* [Directions for this task]:
Once you find the line with "Merge3 : Merge" in the entries below, return exactly every line from it through the line with "가변저항 : arduinolib/Analog".
◇ ◇ ◇ ◇ ◇ ◇ ◇
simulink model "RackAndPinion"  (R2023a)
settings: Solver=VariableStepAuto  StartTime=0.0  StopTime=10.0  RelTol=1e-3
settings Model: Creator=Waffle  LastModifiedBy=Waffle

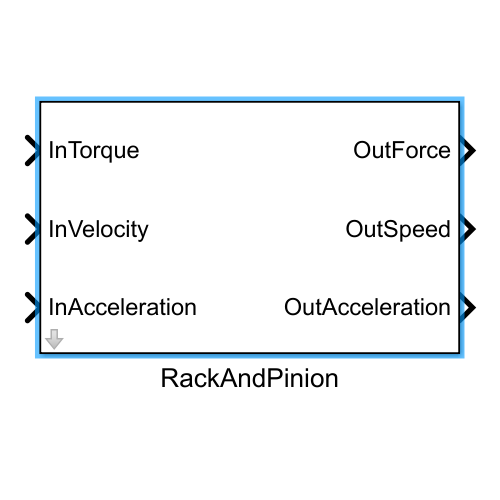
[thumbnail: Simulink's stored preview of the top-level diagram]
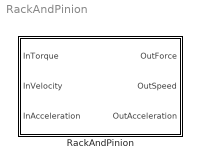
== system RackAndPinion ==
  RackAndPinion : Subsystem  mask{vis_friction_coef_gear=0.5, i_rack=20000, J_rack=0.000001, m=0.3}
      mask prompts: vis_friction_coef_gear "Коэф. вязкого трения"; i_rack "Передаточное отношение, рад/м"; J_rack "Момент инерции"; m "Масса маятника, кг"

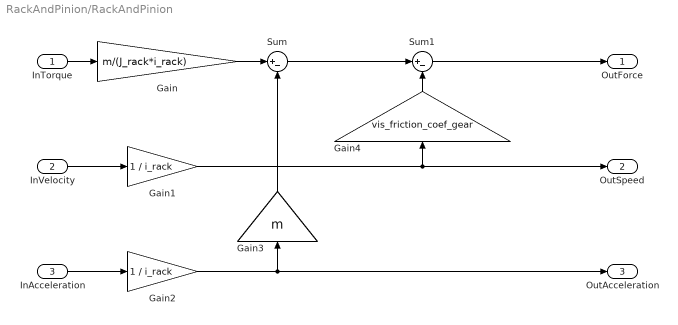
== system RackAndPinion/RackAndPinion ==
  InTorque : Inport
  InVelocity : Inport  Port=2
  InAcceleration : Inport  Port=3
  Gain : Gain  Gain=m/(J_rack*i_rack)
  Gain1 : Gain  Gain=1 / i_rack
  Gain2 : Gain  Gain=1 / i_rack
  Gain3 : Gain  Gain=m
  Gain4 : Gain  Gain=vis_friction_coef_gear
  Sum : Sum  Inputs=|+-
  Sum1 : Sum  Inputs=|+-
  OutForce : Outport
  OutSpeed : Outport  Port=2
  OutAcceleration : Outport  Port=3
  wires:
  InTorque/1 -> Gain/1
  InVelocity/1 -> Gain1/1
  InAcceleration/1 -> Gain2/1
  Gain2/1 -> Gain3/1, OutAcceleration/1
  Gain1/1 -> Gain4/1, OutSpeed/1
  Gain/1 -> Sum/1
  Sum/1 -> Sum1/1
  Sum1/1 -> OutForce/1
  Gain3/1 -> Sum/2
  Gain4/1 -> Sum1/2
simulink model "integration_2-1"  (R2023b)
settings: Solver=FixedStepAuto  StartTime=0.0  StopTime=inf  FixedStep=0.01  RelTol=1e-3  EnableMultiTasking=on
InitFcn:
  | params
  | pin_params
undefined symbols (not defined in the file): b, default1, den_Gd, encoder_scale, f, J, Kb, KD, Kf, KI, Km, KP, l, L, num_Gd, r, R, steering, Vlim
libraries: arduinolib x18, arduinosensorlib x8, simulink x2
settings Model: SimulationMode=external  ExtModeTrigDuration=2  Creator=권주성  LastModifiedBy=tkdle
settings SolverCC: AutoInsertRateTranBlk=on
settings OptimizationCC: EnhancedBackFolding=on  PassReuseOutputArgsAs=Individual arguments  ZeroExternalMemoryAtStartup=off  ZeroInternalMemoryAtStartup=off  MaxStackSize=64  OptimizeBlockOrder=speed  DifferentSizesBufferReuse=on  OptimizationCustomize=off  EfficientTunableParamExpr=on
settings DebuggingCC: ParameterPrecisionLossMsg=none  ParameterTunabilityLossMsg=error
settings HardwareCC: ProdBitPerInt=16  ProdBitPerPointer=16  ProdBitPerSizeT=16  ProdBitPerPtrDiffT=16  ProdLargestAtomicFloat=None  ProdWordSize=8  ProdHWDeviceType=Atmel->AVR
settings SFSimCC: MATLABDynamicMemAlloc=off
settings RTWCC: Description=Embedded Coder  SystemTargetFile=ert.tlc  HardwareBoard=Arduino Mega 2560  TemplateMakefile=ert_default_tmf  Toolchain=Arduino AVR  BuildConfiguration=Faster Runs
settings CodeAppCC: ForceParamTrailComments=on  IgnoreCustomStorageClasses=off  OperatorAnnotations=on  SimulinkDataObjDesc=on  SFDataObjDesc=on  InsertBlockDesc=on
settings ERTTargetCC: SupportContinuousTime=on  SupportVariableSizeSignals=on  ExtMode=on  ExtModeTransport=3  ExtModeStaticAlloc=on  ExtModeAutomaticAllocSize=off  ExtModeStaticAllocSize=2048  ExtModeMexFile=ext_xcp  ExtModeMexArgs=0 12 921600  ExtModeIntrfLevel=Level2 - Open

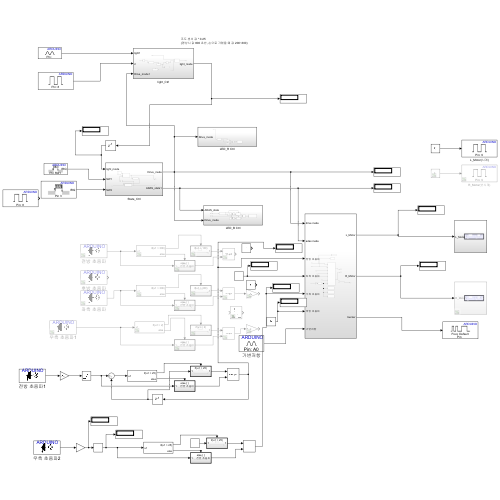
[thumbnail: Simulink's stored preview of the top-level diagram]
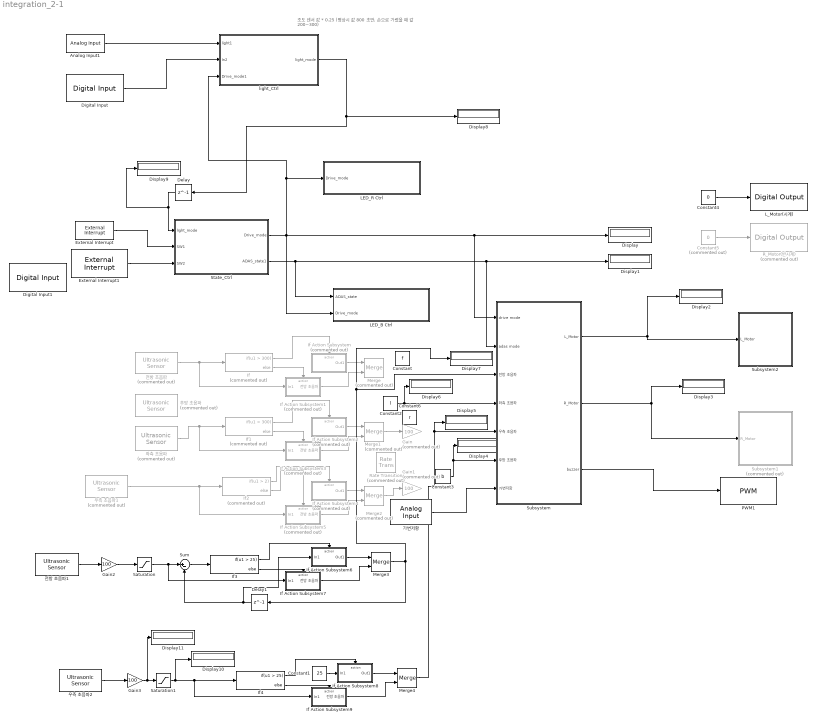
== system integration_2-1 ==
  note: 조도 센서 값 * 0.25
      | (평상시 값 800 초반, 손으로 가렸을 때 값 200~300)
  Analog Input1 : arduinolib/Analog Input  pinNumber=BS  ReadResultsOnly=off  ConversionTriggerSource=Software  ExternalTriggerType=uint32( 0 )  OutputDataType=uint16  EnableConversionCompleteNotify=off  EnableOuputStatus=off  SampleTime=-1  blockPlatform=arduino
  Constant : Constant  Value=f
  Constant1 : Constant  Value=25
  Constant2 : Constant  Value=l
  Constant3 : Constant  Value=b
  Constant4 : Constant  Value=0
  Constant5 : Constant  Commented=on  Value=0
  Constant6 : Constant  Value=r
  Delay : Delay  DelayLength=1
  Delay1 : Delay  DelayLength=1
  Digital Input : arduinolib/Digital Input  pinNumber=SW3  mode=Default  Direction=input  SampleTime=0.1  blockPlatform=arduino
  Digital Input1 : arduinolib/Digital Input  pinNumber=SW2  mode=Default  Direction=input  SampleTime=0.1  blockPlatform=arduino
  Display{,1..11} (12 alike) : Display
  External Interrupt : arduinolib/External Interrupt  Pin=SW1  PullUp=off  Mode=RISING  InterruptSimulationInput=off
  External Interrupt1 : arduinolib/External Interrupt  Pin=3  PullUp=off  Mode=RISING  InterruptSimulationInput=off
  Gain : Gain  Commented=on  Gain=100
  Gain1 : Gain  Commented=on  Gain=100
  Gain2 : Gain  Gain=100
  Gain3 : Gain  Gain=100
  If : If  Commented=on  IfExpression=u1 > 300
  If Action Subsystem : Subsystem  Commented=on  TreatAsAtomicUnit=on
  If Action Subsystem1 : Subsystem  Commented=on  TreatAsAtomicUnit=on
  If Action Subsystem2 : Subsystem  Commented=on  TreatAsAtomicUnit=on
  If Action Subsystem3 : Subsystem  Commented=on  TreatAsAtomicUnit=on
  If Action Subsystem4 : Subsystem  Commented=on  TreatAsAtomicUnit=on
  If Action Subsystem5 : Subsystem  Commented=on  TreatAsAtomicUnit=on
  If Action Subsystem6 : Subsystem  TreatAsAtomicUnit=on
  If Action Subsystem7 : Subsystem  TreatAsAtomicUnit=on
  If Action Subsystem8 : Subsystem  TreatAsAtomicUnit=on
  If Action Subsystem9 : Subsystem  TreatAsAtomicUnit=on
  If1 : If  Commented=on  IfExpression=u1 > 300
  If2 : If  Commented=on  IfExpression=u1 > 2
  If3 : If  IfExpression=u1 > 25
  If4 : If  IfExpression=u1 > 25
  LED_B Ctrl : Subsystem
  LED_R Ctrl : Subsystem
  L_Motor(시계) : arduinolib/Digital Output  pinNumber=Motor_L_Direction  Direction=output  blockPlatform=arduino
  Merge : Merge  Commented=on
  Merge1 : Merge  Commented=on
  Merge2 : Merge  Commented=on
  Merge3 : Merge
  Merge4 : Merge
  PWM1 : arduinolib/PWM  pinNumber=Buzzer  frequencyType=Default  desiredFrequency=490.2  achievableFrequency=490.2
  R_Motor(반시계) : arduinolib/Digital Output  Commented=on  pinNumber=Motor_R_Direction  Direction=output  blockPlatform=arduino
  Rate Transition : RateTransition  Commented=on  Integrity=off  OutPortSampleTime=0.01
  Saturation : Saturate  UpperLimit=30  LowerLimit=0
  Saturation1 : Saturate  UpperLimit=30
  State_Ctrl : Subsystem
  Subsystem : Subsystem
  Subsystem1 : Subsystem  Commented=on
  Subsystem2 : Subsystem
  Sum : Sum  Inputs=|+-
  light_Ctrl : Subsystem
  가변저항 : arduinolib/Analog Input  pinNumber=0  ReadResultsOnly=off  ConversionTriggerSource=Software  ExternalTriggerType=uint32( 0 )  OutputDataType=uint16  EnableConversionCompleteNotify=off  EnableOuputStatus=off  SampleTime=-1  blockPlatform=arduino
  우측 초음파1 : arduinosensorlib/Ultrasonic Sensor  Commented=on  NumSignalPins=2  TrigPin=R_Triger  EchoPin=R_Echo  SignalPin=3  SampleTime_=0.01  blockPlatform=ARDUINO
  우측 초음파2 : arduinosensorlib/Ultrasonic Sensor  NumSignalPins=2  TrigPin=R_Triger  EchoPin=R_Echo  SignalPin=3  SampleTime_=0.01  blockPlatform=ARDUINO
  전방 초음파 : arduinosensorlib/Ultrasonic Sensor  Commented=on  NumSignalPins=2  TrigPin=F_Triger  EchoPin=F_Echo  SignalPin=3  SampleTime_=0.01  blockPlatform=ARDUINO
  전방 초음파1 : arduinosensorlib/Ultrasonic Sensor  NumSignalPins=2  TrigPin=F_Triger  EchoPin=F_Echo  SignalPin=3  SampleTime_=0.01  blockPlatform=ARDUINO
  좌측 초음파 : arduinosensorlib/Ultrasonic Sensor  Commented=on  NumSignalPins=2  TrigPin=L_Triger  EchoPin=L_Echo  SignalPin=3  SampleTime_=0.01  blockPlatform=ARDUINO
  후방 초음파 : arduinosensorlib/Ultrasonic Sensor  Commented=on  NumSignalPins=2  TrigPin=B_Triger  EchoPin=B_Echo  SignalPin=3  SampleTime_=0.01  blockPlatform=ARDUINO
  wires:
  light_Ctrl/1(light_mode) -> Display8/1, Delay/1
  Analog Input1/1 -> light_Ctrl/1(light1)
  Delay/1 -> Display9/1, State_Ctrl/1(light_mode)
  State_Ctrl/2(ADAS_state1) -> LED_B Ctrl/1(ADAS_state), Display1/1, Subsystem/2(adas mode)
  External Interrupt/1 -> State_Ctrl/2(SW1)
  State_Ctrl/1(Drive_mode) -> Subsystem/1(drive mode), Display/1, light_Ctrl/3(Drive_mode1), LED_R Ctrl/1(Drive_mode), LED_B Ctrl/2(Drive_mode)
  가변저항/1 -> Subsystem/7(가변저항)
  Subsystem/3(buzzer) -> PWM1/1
◇ ◇ ◇ ◇ ◇ ◇ ◇
* [The completed task]:
  Merge3 : Merge
  Merge4 : Merge
  PWM1 : arduinolib/PWM  pinNumber=Buzzer  frequencyType=Default  desiredFrequency=490.2  achievableFrequency=490.2
  R_Motor(반시계) : arduinolib/Digital Output  Commented=on  pinNumber=Motor_R_Direction  Direction=output  blockPlatform=arduino
  Rate Transition : RateTransition  Commented=on  Integrity=off  OutPortSampleTime=0.01
  Saturation : Saturate  UpperLimit=30  LowerLimit=0
  Saturation1 : Saturate  UpperLimit=30
  State_Ctrl : Subsystem
  Subsystem : Subsystem
  Subsystem1 : Subsystem  Commented=on
  Subsystem2 : Subsystem
  Sum : Sum  Inputs=|+-
  light_Ctrl : Subsystem
  가변저항 : arduinolib/Analog Input  pinNumber=0  ReadResultsOnly=off  ConversionTriggerSource=Software  ExternalTriggerType=uint32( 0 )  OutputDataType=uint16  EnableConversionCompleteNotify=off  EnableOuputStatus=off  SampleTime=-1  blockPlatform=arduino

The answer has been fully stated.